Stasi im Westberliner Melderegister

Berlin (taz) — Wann immer das frühere Ministerium für Staatssicherheit (MfS) die Daten über Westberliner BürgerInnen haben wollte, die Beschaffung war kein Problem. Die Stasi war in den letzten Jahren im Besitz der behördeninternen Geheimcodes und konnte damit quasi im On- line-Verfahren auf alle vertraulichen Personendaten, etwa im Landeseinwohneramt oder in der Kraftfahrzeugzulassungsstelle, zurückgreifen. Das berichtete gestern die 'Berliner Morgenpost‘. Wenn die Stasi Detailinformationen über Westberliner Bewohner erlangen wollte, sei von dieser Möglichkeit auch kräftig Gebrauch gemacht worden. Bislang hatten die Westberliner Behörden immer behauptet, ihre Datennetze seien vor dem unbefugten Zugriff Dritter wirksam geschützt.

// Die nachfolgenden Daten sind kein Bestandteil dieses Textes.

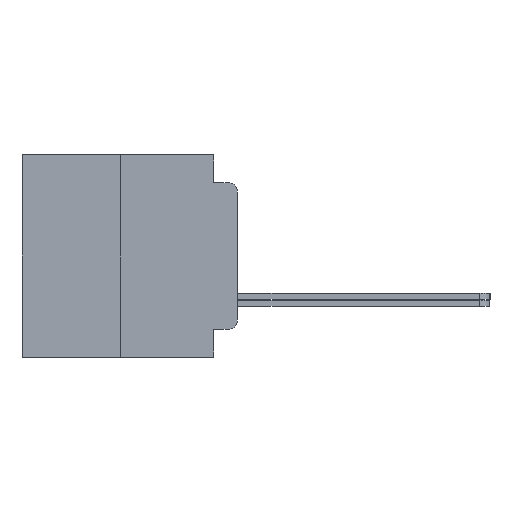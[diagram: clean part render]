
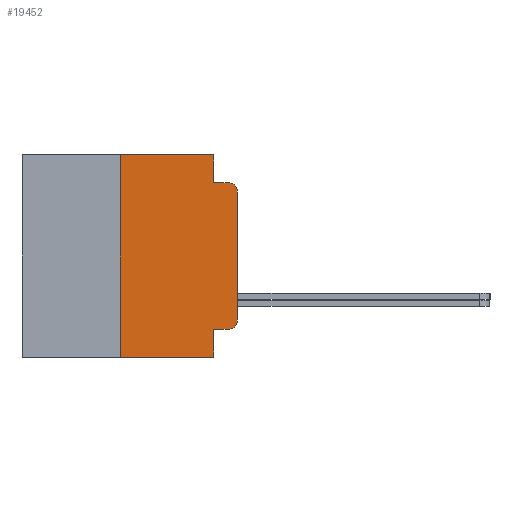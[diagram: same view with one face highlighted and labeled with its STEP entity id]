
A CAD part, left-side view. The second image highlights one B-rep face of the part: STEP entity #19452.
In plain terms, the highlighted planar face has unit normal (-1, 0, 0).
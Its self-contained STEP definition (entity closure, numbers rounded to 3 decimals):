
#220 = VECTOR ( 'NONE', #13989, 1000. ) ;
#304 = VERTEX_POINT ( 'NONE', #727 ) ;
#560 = CARTESIAN_POINT ( 'NONE',  ( -75.603, 0.508, 3.467 ) ) ;
#727 = CARTESIAN_POINT ( 'NONE',  ( -75.603, 1.295, 5.486 ) ) ;
#997 = VERTEX_POINT ( 'NONE', #19934 ) ;
#1401 = CARTESIAN_POINT ( 'NONE',  ( -75.603, 6.35, 5.486 ) ) ;
#2015 = LINE ( 'NONE', #21872, #22476 ) ;
#2050 = LINE ( 'NONE', #23682, #16627 ) ;
#2599 = LINE ( 'NONE', #22266, #8858 ) ;
#2803 = DIRECTION ( 'NONE',  ( 0., 0., -1. ) ) ;
#3021 = LINE ( 'NONE', #4930, #20056 ) ;
#3173 = DIRECTION ( 'NONE',  ( 0., 0., -1. ) ) ;
#4796 = CARTESIAN_POINT ( 'NONE',  ( -75.603, 6.35, -5.486 ) ) ;
#4930 = CARTESIAN_POINT ( 'NONE',  ( -75.603, 0., 5.486 ) ) ;
#5024 = LINE ( 'NONE', #7164, #17158 ) ;
#5097 = VECTOR ( 'NONE', #25494, 1000. ) ;
#5212 = PLANE ( 'NONE',  #24274 ) ;
#5493 = CARTESIAN_POINT ( 'NONE',  ( -75.603, 1.295, -3.975 ) ) ;
#5762 = CARTESIAN_POINT ( 'NONE',  ( -75.603, 1.295, -3.975 ) ) ;
#5811 = EDGE_CURVE ( 'NONE', #6834, #17138, #17463, .T. ) ;
#5921 = CARTESIAN_POINT ( 'NONE',  ( -75.603, 11.684, -5.486 ) ) ;
#6027 = CIRCLE ( 'NONE', #8150, 0.508 ) ;
#6270 = DIRECTION ( 'NONE',  ( 0., 0., -1. ) ) ;
#6372 = DIRECTION ( 'NONE',  ( 0., 0., -1. ) ) ;
#6834 = VERTEX_POINT ( 'NONE', #24407 ) ;
#7164 = CARTESIAN_POINT ( 'NONE',  ( -75.603, 1.295, 3.975 ) ) ;
#7718 = VERTEX_POINT ( 'NONE', #7725 ) ;
#7725 = CARTESIAN_POINT ( 'NONE',  ( -75.603, 0.508, -3.975 ) ) ;
#8150 = AXIS2_PLACEMENT_3D ( 'NONE', #14321, #11889, #3173 ) ;
#8215 = LINE ( 'NONE', #5921, #25603 ) ;
#8858 = VECTOR ( 'NONE', #6372, 1000. ) ;
#9662 = CARTESIAN_POINT ( 'NONE',  ( -75.603, 11.684, 5.486 ) ) ;
#10003 = DIRECTION ( 'NONE',  ( 0., -1., 0. ) ) ;
#10238 = EDGE_CURVE ( 'NONE', #304, #997, #2599, .T. ) ;
#11692 = ORIENTED_EDGE ( 'NONE', *, *, #5811, .T. ) ;
#11889 = DIRECTION ( 'NONE',  ( -1., 0., 0. ) ) ;
#11892 = DIRECTION ( 'NONE',  ( 0., 0., -1. ) ) ;
#12378 = CARTESIAN_POINT ( 'NONE',  ( -75.603, 1.295, -5.486 ) ) ;
#12383 = LINE ( 'NONE', #5493, #5097 ) ;
#12546 = ORIENTED_EDGE ( 'NONE', *, *, #21120, .T. ) ;
#13679 = EDGE_CURVE ( 'NONE', #23875, #15621, #8215, .T. ) ;
#13989 = DIRECTION ( 'NONE',  ( 0., 0., 1. ) ) ;
#14321 = CARTESIAN_POINT ( 'NONE',  ( -75.603, 0.508, -3.467 ) ) ;
#14332 = VERTEX_POINT ( 'NONE', #5762 ) ;
#14363 = VERTEX_POINT ( 'NONE', #1401 ) ;
#14420 = DIRECTION ( 'NONE',  ( 0., -1., 0. ) ) ;
#14686 = EDGE_CURVE ( 'NONE', #997, #17138, #5024, .T. ) ;
#15621 = VERTEX_POINT ( 'NONE', #12378 ) ;
#15919 = ORIENTED_EDGE ( 'NONE', *, *, #14686, .F. ) ;
#16088 = DIRECTION ( 'NONE',  ( -1., 0., 0. ) ) ;
#16627 = VECTOR ( 'NONE', #18845, 1000. ) ;
#17138 = VERTEX_POINT ( 'NONE', #26164 ) ;
#17158 = VECTOR ( 'NONE', #14420, 1000. ) ;
#17463 = CIRCLE ( 'NONE', #21462, 0.508 ) ;
#17610 = EDGE_CURVE ( 'NONE', #14363, #304, #2050, .T. ) ;
#18006 = ORIENTED_EDGE ( 'NONE', *, *, #21700, .F. ) ;
#18749 = VERTEX_POINT ( 'NONE', #21094 ) ;
#18845 = DIRECTION ( 'NONE',  ( 0., -1., 0. ) ) ;
#18940 = EDGE_CURVE ( 'NONE', #14332, #15621, #2015, .T. ) ;
#19056 = ORIENTED_EDGE ( 'NONE', *, *, #10238, .F. ) ;
#19164 = ORIENTED_EDGE ( 'NONE', *, *, #21260, .T. ) ;
#19452 = ADVANCED_FACE ( 'NONE', ( #22907 ), #5212, .F. ) ;
#19681 = ORIENTED_EDGE ( 'NONE', *, *, #23400, .T. ) ;
#19934 = CARTESIAN_POINT ( 'NONE',  ( -75.603, 1.295, 3.975 ) ) ;
#20056 = VECTOR ( 'NONE', #22746, 1000. ) ;
#21094 = CARTESIAN_POINT ( 'NONE',  ( -75.603, 0., -3.467 ) ) ;
#21120 = EDGE_CURVE ( 'NONE', #18749, #6834, #3021, .T. ) ;
#21260 = EDGE_CURVE ( 'NONE', #14332, #7718, #12383, .T. ) ;
#21462 = AXIS2_PLACEMENT_3D ( 'NONE', #560, #16088, #2803 ) ;
#21700 = EDGE_CURVE ( 'NONE', #23875, #14363, #26977, .T. ) ;
#21872 = CARTESIAN_POINT ( 'NONE',  ( -75.603, 1.295, 0. ) ) ;
#22266 = CARTESIAN_POINT ( 'NONE',  ( -75.603, 1.295, 0. ) ) ;
#22476 = VECTOR ( 'NONE', #6270, 1000. ) ;
#22710 = CARTESIAN_POINT ( 'NONE',  ( -75.603, 6.35, -5.486 ) ) ;
#22746 = DIRECTION ( 'NONE',  ( 0., 0., 1. ) ) ;
#22907 = FACE_OUTER_BOUND ( 'NONE', #25120, .T. ) ;
#23400 = EDGE_CURVE ( 'NONE', #7718, #18749, #6027, .T. ) ;
#23682 = CARTESIAN_POINT ( 'NONE',  ( -75.603, 11.684, 5.486 ) ) ;
#23875 = VERTEX_POINT ( 'NONE', #4796 ) ;
#23933 = ORIENTED_EDGE ( 'NONE', *, *, #17610, .F. ) ;
#24274 = AXIS2_PLACEMENT_3D ( 'NONE', #9662, #25194, #11892 ) ;
#24407 = CARTESIAN_POINT ( 'NONE',  ( -75.603, 0., 3.467 ) ) ;
#25120 = EDGE_LOOP ( 'NONE', ( #19164, #19681, #12546, #11692, #15919, #19056, #23933, #18006, #28567, #28282 ) ) ;
#25194 = DIRECTION ( 'NONE',  ( 1., 0., 0. ) ) ;
#25494 = DIRECTION ( 'NONE',  ( 0., -1., 0. ) ) ;
#25603 = VECTOR ( 'NONE', #10003, 1000. ) ;
#26164 = CARTESIAN_POINT ( 'NONE',  ( -75.603, 0.508, 3.975 ) ) ;
#26977 = LINE ( 'NONE', #22710, #220 ) ;
#28282 = ORIENTED_EDGE ( 'NONE', *, *, #18940, .F. ) ;
#28567 = ORIENTED_EDGE ( 'NONE', *, *, #13679, .T. ) ;

Wie im Bundesgebiet ist auch in Berlin der Verfassungsschutz den Stasispitzeln ein offenes Buch gewesen. Aus dem Bundesinnenministerium in Bonn will das Springer-Blatt erfahren haben, daß das MfS auch über alle Aktivitäten des Landesamtes für Verfassungsschutz (LfV) in West-Berlin genauestens im Bilde war. So habe es kein einziges Telefonat aus oder in das Amt hinein gegeben, das nicht von Stasioffizieren mitgehört und mitgeschnitten wurde. Bereits im Frühjahr war bekannt geworden, daß die Stasi neben den Richtfunkstrecken der Bundespost auch den Telefonverkehr zwischen den Bonner Behörden flächendeckend überwacht hat.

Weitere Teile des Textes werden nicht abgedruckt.